» **WORKING DATA**:
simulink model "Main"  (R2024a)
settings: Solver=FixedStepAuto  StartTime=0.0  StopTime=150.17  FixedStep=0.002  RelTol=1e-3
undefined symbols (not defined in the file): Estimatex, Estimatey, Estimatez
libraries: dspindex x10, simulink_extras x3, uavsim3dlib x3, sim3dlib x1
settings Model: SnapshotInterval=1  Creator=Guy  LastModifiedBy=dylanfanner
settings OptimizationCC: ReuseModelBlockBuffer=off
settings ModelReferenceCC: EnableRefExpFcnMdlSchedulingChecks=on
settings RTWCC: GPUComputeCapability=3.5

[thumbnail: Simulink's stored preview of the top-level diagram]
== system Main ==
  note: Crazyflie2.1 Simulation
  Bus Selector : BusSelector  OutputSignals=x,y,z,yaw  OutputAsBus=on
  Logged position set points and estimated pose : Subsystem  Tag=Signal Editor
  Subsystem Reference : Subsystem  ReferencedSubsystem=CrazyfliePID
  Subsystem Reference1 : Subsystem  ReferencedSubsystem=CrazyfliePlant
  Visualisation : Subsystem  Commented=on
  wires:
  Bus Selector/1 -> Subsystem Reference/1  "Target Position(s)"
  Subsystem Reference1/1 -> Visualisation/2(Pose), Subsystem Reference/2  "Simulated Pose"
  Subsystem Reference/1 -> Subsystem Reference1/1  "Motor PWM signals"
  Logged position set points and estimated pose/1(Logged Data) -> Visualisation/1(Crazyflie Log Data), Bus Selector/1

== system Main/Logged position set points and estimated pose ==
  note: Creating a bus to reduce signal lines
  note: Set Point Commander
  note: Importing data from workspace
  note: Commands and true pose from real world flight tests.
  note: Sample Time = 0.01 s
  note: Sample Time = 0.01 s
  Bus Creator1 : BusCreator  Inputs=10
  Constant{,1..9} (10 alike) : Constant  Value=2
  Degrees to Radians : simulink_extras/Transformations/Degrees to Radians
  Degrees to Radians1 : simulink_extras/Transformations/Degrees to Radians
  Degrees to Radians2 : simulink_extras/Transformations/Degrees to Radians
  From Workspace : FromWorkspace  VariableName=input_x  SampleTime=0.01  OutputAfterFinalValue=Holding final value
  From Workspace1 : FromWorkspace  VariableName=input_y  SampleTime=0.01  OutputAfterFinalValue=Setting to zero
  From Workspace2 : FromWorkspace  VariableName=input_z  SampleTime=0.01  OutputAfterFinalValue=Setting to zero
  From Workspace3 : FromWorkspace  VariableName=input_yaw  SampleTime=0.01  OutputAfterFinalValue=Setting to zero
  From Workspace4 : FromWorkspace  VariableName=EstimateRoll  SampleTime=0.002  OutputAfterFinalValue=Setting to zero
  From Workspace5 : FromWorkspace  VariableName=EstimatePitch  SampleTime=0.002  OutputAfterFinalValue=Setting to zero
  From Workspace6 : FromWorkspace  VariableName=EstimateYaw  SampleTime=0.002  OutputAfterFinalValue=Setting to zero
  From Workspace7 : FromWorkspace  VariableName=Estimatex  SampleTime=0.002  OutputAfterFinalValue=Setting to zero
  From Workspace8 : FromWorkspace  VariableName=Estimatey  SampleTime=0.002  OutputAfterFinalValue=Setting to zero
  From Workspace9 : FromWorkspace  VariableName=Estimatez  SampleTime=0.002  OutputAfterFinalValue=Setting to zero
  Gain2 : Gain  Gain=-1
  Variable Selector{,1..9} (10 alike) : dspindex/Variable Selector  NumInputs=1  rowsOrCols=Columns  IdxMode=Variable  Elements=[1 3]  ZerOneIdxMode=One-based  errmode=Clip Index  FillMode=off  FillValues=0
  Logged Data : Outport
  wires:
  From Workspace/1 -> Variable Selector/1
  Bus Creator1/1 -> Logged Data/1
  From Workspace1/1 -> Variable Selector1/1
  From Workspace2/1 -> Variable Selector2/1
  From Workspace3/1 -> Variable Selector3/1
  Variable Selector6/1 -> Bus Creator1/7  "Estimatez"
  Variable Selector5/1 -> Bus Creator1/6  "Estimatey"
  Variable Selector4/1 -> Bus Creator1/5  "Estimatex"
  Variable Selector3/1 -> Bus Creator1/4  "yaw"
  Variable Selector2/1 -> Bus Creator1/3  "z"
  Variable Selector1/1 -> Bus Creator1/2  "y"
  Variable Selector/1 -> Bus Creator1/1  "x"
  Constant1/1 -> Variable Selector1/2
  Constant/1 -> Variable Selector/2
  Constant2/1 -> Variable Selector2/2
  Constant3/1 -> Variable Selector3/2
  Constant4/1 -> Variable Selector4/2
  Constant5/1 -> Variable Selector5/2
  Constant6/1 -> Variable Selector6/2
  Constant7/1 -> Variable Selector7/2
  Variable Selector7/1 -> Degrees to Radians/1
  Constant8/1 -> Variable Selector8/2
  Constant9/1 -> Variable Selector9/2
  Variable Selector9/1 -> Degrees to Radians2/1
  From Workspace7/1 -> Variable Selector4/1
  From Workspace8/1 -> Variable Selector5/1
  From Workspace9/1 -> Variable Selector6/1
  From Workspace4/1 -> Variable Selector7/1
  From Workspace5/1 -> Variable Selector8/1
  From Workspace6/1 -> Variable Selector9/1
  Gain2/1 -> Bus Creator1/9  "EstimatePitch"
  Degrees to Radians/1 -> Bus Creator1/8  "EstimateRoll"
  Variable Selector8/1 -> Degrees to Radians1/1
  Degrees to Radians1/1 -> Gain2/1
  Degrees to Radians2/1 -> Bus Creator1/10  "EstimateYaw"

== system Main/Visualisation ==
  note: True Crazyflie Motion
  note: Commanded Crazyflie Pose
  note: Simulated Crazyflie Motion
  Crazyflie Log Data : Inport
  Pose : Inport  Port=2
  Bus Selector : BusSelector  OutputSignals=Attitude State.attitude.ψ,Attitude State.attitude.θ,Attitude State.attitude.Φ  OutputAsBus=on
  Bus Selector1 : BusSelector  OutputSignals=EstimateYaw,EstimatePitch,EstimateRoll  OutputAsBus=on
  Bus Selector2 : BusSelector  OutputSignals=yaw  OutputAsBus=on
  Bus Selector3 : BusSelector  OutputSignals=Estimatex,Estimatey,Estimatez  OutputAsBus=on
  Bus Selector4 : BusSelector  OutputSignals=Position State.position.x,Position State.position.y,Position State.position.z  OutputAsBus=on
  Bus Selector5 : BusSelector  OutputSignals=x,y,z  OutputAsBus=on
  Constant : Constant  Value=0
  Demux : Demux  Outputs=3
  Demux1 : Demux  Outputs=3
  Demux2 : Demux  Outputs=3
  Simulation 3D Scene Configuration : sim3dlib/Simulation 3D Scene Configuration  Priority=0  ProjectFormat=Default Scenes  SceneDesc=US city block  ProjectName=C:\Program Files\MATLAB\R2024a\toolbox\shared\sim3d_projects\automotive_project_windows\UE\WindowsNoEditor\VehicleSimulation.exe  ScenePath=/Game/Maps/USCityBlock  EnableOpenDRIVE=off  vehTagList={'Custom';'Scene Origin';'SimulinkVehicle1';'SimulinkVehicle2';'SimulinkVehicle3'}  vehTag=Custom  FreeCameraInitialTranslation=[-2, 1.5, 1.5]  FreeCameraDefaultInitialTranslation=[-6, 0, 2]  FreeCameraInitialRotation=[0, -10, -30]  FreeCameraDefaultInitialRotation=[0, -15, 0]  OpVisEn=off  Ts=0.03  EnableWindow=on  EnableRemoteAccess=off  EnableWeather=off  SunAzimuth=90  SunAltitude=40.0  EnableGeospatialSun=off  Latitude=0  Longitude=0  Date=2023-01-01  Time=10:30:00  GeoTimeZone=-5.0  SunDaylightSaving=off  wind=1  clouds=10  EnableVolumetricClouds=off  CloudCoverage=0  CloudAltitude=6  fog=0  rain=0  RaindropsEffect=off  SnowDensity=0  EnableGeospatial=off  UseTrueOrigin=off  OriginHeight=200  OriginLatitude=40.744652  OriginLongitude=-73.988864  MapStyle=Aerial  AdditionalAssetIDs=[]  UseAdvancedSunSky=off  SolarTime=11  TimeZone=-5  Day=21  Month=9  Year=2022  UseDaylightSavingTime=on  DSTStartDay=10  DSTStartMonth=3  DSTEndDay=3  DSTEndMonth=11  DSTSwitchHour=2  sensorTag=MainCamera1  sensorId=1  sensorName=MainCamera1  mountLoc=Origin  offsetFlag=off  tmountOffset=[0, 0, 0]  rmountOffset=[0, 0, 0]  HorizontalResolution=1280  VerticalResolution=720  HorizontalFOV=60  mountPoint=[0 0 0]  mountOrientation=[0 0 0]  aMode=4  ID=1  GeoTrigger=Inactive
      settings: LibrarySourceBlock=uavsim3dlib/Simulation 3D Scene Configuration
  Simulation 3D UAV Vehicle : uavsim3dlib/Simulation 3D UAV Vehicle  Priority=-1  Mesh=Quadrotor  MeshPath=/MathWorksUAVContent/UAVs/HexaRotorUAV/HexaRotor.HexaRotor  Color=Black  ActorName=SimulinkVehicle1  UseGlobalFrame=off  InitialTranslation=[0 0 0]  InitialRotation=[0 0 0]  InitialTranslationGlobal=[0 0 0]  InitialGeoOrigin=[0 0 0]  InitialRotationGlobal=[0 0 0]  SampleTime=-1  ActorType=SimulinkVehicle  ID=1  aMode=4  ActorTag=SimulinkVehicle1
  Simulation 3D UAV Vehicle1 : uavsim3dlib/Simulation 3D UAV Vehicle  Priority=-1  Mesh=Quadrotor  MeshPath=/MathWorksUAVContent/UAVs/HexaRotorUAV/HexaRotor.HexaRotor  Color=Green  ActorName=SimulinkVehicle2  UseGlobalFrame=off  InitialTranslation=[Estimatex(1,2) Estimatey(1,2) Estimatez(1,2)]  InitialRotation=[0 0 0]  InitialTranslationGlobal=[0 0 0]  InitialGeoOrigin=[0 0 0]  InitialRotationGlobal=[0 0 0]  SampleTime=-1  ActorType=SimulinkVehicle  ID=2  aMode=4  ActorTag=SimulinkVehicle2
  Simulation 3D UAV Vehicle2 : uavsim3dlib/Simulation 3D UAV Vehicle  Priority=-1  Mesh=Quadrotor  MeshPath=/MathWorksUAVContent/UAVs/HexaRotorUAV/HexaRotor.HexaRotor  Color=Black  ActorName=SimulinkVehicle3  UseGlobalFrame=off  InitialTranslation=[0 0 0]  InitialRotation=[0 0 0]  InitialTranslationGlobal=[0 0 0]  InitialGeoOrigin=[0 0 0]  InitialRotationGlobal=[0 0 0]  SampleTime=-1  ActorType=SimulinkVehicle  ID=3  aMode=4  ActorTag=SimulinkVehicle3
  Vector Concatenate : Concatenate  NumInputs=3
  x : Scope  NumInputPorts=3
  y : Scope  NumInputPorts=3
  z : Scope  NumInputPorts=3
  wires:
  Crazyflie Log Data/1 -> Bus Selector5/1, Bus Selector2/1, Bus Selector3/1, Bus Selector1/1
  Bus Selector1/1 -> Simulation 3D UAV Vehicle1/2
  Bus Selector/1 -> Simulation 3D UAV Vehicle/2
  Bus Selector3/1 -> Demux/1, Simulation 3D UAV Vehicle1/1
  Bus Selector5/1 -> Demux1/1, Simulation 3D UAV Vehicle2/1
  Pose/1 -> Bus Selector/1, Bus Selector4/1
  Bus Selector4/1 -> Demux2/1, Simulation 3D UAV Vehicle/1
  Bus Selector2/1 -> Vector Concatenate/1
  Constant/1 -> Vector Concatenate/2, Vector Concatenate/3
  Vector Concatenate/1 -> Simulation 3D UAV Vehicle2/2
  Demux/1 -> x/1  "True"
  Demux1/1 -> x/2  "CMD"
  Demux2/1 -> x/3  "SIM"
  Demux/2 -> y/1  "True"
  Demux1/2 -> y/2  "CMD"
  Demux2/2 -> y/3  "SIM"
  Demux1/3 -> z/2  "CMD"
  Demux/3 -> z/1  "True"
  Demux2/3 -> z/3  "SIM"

» **WHAT YOU NEED TO DO**: From the records above, copy out the line with "Bus Selector5 : BusSelector", the line with "Demux2 : Demux", and every line between them, word for word.

» **THE COMPLETED TASK**:
  Bus Selector5 : BusSelector  OutputSignals=x,y,z  OutputAsBus=on
  Constant : Constant  Value=0
  Demux : Demux  Outputs=3
  Demux1 : Demux  Outputs=3
  Demux2 : Demux  Outputs=3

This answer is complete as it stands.